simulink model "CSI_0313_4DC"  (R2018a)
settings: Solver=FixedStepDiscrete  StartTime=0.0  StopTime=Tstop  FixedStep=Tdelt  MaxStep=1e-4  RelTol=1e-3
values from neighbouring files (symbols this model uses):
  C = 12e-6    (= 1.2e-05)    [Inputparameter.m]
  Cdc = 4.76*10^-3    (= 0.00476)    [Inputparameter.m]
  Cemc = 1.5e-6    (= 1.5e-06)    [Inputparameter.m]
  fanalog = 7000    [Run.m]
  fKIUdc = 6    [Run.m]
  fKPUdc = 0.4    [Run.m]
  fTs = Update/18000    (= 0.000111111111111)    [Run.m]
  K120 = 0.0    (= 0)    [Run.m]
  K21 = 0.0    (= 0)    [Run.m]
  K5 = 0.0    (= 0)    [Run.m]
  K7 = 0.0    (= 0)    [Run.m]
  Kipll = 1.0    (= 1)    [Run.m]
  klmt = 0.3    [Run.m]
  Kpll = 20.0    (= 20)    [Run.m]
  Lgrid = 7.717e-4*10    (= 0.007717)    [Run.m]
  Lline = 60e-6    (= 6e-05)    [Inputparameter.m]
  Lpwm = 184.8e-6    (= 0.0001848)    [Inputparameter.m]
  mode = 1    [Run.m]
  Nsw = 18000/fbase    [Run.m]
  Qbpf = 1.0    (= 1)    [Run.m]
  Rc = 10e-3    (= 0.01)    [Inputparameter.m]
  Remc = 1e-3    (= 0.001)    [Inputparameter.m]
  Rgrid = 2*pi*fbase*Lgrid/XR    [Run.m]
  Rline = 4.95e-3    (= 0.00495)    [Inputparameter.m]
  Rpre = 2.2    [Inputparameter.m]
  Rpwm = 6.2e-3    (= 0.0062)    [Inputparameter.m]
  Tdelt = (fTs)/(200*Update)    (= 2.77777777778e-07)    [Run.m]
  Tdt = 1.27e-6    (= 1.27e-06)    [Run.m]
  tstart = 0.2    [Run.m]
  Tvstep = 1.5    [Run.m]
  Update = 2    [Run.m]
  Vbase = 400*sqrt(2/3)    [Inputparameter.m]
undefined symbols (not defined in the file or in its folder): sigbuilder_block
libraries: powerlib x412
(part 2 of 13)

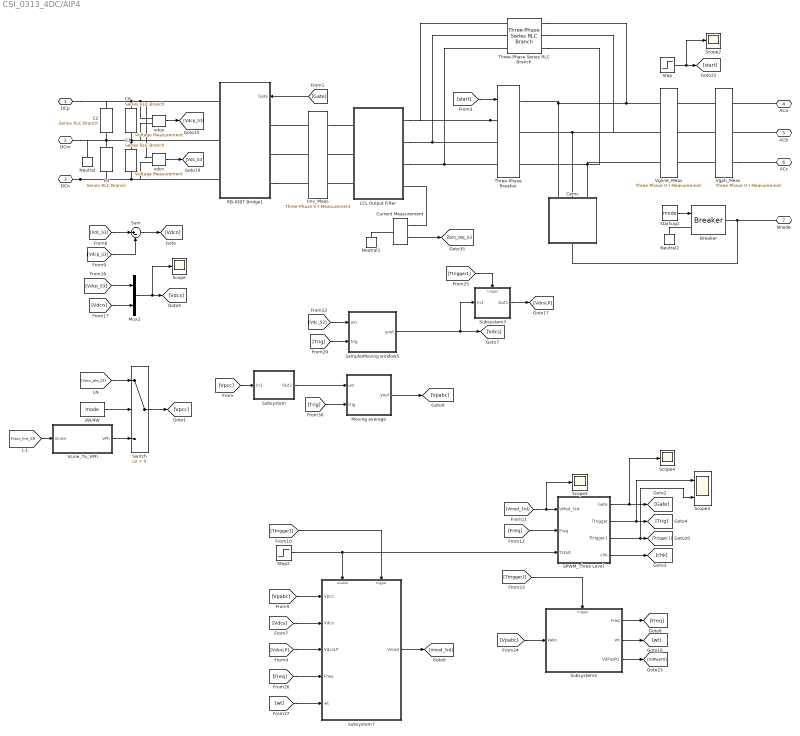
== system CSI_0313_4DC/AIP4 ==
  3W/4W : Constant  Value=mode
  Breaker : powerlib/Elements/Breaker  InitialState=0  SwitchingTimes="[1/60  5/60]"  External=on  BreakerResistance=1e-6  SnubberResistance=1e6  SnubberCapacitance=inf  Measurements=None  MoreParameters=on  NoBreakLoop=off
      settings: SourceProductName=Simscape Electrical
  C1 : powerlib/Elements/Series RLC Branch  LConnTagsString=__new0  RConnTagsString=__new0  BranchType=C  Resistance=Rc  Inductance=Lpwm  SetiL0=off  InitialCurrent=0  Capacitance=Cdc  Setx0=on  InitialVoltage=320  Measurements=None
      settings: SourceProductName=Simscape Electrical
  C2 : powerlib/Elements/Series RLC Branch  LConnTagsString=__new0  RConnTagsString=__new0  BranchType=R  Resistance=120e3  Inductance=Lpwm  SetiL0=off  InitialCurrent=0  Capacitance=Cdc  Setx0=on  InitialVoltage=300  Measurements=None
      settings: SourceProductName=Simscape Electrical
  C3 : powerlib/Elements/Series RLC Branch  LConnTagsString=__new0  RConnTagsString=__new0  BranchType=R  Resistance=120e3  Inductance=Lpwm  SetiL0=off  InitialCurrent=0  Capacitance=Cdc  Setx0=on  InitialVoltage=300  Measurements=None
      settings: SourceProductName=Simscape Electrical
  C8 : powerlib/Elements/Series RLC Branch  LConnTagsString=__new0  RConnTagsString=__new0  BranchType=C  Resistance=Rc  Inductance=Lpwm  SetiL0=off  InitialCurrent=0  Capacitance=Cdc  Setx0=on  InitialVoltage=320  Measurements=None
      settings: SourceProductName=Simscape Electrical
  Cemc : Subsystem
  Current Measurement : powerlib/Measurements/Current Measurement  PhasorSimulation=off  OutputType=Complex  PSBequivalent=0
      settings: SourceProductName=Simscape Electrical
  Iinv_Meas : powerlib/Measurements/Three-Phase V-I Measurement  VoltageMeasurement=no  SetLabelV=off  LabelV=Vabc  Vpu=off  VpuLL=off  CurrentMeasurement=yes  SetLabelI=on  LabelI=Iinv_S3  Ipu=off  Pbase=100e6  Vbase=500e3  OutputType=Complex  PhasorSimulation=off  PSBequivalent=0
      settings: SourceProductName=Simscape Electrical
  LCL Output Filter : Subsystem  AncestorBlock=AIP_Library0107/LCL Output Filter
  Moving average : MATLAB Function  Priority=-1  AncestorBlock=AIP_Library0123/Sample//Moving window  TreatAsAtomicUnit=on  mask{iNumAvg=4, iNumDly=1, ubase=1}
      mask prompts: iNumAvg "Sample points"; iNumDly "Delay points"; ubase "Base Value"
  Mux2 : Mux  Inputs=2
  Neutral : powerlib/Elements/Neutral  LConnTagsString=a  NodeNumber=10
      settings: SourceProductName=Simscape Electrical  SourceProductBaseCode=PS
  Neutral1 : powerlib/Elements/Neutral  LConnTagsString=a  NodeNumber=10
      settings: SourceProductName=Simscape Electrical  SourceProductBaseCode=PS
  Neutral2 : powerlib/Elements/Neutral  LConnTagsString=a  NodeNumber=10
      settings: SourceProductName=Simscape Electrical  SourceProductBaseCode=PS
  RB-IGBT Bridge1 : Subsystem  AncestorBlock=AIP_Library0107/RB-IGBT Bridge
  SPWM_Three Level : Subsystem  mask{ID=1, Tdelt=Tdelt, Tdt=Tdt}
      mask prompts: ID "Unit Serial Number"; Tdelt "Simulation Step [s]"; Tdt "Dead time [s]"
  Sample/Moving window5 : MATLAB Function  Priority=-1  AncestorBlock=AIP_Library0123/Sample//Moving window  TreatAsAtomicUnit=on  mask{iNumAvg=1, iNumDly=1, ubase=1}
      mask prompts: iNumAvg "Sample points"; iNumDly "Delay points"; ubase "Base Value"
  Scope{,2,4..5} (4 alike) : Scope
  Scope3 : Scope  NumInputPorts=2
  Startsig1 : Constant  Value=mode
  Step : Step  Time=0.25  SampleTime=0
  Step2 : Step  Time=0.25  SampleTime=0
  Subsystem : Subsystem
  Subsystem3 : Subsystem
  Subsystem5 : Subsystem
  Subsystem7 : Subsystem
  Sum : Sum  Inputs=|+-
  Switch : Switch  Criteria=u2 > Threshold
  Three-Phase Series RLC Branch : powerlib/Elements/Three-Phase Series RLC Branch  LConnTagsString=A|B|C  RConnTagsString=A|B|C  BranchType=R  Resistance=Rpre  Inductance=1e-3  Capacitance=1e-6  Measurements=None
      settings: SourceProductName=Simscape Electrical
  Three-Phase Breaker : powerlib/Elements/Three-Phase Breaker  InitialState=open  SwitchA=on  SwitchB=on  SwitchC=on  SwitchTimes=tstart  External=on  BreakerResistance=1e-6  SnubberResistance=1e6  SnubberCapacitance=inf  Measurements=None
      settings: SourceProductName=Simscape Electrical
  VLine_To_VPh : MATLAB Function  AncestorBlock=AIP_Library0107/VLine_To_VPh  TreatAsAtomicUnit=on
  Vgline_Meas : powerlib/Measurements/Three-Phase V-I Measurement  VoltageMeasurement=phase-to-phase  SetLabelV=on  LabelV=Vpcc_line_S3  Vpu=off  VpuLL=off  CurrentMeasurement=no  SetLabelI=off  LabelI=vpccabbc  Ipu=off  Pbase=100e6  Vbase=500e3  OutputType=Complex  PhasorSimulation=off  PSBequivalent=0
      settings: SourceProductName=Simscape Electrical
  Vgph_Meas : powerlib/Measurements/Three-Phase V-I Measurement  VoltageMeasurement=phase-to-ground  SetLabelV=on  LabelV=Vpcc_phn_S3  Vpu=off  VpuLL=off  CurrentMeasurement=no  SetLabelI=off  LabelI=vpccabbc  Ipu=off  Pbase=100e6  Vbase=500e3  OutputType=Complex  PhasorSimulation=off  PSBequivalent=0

**Instructions to follow**
How many lines of the data contain "LabelV"? Work it out and give only the number.

**Expected answer**
3